> [ASSIGNED TASK] Begin at the line below that has "#27=AXIS2_PLACEMENT_3D('',#24,#25,#26);" and stop after the line that has "#39=CIRCLE('',#38,2.9);". Please restate only those lines, word for word.

> [DATA SUPPLIED]
%%
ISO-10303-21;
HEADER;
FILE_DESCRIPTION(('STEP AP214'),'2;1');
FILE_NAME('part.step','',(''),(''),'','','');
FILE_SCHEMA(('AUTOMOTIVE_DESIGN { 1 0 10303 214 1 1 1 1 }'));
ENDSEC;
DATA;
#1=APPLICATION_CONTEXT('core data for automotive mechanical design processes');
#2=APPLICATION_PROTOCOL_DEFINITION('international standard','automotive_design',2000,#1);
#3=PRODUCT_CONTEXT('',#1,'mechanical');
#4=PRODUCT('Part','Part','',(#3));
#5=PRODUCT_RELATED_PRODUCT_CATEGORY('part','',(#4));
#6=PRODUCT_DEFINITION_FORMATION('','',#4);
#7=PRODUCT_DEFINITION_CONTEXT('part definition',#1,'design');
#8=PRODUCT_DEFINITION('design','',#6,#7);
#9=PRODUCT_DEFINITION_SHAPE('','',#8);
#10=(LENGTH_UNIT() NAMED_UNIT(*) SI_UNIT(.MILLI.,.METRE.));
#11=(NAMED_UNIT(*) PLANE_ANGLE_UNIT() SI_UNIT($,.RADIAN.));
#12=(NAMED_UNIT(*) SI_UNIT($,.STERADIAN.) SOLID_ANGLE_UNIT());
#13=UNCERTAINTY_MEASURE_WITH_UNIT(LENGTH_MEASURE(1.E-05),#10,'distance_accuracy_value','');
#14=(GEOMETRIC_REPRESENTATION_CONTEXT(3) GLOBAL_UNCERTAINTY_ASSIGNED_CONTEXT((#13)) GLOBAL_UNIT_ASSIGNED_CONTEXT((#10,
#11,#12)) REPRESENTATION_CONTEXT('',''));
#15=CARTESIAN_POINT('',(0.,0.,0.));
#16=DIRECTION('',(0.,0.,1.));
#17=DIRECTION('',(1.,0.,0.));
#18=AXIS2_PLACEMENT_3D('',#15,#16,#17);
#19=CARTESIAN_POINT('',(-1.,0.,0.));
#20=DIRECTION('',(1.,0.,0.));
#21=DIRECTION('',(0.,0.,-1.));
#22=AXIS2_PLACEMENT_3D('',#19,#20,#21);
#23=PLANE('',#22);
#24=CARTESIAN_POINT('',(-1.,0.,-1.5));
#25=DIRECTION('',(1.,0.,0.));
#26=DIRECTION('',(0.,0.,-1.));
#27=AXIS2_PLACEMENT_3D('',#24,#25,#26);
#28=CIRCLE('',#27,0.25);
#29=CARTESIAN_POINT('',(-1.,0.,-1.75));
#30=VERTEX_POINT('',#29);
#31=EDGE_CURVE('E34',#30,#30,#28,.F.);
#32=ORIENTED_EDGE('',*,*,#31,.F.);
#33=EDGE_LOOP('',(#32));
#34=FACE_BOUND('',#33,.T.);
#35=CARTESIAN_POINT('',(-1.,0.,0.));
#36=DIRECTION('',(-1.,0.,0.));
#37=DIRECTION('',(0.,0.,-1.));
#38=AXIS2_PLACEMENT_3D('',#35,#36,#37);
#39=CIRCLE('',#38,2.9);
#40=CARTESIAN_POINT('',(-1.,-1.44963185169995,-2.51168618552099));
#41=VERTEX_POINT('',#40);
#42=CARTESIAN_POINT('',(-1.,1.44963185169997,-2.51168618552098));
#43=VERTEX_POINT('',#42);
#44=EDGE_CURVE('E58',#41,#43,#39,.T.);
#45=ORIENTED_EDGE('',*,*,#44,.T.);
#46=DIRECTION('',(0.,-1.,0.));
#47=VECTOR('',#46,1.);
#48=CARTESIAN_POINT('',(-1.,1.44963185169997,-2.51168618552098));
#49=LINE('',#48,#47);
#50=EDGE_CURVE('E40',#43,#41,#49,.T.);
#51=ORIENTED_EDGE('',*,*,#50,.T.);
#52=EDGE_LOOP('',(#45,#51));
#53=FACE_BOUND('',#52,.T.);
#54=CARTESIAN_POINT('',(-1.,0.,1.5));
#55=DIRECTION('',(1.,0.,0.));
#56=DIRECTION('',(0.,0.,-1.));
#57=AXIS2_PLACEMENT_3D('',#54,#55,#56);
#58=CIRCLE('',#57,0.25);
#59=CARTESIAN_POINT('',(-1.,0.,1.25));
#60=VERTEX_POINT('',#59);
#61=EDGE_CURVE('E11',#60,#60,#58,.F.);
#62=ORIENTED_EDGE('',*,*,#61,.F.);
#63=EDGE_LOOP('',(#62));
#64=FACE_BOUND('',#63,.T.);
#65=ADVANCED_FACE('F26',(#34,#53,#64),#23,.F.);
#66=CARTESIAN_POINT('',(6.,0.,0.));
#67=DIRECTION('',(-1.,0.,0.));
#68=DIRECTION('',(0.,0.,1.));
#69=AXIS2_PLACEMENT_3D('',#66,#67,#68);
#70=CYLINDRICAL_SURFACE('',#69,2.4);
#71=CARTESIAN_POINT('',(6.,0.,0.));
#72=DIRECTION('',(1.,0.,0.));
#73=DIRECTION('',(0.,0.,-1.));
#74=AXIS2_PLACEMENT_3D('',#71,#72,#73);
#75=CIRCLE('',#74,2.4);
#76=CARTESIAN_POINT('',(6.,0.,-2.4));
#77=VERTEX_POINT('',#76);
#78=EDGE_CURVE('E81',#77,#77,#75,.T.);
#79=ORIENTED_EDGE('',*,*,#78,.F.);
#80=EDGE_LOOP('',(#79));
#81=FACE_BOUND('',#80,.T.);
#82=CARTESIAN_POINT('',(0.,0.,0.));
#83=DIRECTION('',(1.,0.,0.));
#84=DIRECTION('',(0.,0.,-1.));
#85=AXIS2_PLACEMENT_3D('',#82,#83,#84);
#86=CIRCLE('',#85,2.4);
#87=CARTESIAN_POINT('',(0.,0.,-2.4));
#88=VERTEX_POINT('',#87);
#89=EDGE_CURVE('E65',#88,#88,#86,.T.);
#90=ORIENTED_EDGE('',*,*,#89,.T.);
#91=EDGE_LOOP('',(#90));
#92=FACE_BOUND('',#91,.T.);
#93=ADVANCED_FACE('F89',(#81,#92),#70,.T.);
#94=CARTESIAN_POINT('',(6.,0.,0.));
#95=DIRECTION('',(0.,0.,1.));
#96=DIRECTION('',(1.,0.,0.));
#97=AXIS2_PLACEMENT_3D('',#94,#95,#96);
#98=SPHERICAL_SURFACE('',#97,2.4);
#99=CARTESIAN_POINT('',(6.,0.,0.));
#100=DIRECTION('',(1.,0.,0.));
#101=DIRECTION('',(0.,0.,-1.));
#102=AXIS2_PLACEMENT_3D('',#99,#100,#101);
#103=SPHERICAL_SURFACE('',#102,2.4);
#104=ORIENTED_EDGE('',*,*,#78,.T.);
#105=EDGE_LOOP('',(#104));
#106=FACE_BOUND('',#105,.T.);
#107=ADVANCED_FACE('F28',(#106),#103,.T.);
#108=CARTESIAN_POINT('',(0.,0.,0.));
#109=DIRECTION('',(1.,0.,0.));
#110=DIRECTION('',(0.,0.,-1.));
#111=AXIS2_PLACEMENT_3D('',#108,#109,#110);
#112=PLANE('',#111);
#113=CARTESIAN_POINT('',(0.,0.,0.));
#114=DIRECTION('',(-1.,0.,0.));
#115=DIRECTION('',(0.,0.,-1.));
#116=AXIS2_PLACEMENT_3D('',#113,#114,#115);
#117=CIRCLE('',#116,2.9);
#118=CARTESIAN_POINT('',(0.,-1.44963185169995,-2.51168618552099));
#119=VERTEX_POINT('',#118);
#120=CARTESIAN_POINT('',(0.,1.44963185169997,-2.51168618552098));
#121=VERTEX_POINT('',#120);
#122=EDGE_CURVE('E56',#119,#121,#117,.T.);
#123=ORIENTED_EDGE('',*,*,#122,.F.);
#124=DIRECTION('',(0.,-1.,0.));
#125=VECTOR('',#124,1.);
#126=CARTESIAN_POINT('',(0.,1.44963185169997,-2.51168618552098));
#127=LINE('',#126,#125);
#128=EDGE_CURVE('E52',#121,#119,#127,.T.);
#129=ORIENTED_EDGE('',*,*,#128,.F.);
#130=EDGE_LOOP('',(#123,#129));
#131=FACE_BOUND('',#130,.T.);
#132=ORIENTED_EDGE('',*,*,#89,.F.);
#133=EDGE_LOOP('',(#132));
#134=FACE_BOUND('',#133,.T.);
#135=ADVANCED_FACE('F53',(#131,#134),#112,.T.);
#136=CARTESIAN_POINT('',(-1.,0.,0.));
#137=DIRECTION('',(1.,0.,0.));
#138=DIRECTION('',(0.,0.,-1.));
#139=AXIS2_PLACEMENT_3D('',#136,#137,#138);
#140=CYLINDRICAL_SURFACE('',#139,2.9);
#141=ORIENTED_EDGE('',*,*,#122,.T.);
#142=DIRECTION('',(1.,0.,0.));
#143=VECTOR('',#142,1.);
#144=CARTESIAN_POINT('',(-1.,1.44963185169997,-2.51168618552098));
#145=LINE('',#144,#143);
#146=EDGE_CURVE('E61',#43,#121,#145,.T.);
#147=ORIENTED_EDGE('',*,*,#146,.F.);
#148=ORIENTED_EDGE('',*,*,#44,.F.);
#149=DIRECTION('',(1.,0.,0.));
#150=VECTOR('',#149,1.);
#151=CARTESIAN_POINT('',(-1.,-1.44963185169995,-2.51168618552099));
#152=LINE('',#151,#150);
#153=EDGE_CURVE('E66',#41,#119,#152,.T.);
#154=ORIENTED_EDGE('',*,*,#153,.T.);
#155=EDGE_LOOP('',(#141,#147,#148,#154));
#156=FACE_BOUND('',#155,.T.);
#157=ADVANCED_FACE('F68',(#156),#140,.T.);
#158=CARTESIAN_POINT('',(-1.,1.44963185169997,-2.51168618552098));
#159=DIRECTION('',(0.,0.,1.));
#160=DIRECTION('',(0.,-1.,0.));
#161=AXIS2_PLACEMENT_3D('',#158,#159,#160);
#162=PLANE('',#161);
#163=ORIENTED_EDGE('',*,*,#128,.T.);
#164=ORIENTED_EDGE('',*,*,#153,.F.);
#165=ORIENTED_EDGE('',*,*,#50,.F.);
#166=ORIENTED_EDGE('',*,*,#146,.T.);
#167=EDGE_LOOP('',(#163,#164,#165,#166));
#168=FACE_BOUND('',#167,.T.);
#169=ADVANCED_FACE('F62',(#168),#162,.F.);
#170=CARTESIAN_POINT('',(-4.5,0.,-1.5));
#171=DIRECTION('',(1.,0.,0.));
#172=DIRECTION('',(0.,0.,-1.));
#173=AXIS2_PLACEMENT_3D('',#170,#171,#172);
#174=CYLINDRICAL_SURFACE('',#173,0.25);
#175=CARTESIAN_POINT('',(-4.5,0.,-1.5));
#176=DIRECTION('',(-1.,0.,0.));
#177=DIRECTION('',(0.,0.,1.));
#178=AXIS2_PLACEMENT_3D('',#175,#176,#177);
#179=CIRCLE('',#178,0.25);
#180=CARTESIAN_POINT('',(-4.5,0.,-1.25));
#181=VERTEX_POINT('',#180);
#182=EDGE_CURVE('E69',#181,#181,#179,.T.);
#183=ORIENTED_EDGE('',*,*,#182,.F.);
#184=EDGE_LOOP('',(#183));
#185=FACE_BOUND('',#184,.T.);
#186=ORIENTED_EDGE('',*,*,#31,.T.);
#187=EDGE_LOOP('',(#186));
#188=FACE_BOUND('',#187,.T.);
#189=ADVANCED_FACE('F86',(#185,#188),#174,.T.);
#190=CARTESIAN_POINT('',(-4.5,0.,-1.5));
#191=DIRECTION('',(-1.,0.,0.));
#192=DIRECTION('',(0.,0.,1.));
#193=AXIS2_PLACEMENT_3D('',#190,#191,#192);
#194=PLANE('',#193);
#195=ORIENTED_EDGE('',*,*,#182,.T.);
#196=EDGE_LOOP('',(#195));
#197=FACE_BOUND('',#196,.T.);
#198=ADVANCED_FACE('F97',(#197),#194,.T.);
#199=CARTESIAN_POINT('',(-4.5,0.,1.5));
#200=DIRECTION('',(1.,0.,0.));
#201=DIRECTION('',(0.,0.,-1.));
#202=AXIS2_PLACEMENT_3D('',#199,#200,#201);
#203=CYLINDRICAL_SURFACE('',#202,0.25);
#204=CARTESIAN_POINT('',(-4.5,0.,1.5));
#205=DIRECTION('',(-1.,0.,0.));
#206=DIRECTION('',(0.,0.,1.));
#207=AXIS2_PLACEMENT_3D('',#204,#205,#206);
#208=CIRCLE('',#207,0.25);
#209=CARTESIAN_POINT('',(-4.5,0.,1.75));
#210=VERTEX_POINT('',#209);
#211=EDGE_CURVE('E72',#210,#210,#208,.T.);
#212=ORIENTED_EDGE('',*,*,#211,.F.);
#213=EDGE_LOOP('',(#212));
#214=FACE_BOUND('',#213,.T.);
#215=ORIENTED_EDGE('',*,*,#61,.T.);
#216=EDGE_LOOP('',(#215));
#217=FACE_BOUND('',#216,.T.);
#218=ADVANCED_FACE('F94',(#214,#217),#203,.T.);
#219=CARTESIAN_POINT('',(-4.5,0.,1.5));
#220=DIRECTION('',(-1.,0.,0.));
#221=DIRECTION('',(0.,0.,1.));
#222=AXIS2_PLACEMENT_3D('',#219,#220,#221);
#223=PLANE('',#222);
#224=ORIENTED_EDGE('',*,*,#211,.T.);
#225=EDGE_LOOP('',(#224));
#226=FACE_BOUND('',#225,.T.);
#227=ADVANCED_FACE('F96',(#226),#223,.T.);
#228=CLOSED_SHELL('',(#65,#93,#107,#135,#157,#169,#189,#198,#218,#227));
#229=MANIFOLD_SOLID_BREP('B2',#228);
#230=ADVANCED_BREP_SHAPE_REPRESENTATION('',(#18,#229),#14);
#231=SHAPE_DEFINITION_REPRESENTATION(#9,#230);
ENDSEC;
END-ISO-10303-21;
%%
> [RESULT FOR THIS EXERCISE]
#27=AXIS2_PLACEMENT_3D('',#24,#25,#26);
#28=CIRCLE('',#27,0.25);
#29=CARTESIAN_POINT('',(-1.,0.,-1.75));
#30=VERTEX_POINT('',#29);
#31=EDGE_CURVE('E34',#30,#30,#28,.F.);
#32=ORIENTED_EDGE('',*,*,#31,.F.);
#33=EDGE_LOOP('',(#32));
#34=FACE_BOUND('',#33,.T.);
#35=CARTESIAN_POINT('',(-1.,0.,0.));
#36=DIRECTION('',(-1.,0.,0.));
#37=DIRECTION('',(0.,0.,-1.));
#38=AXIS2_PLACEMENT_3D('',#35,#36,#37);
#39=CIRCLE('',#38,2.9);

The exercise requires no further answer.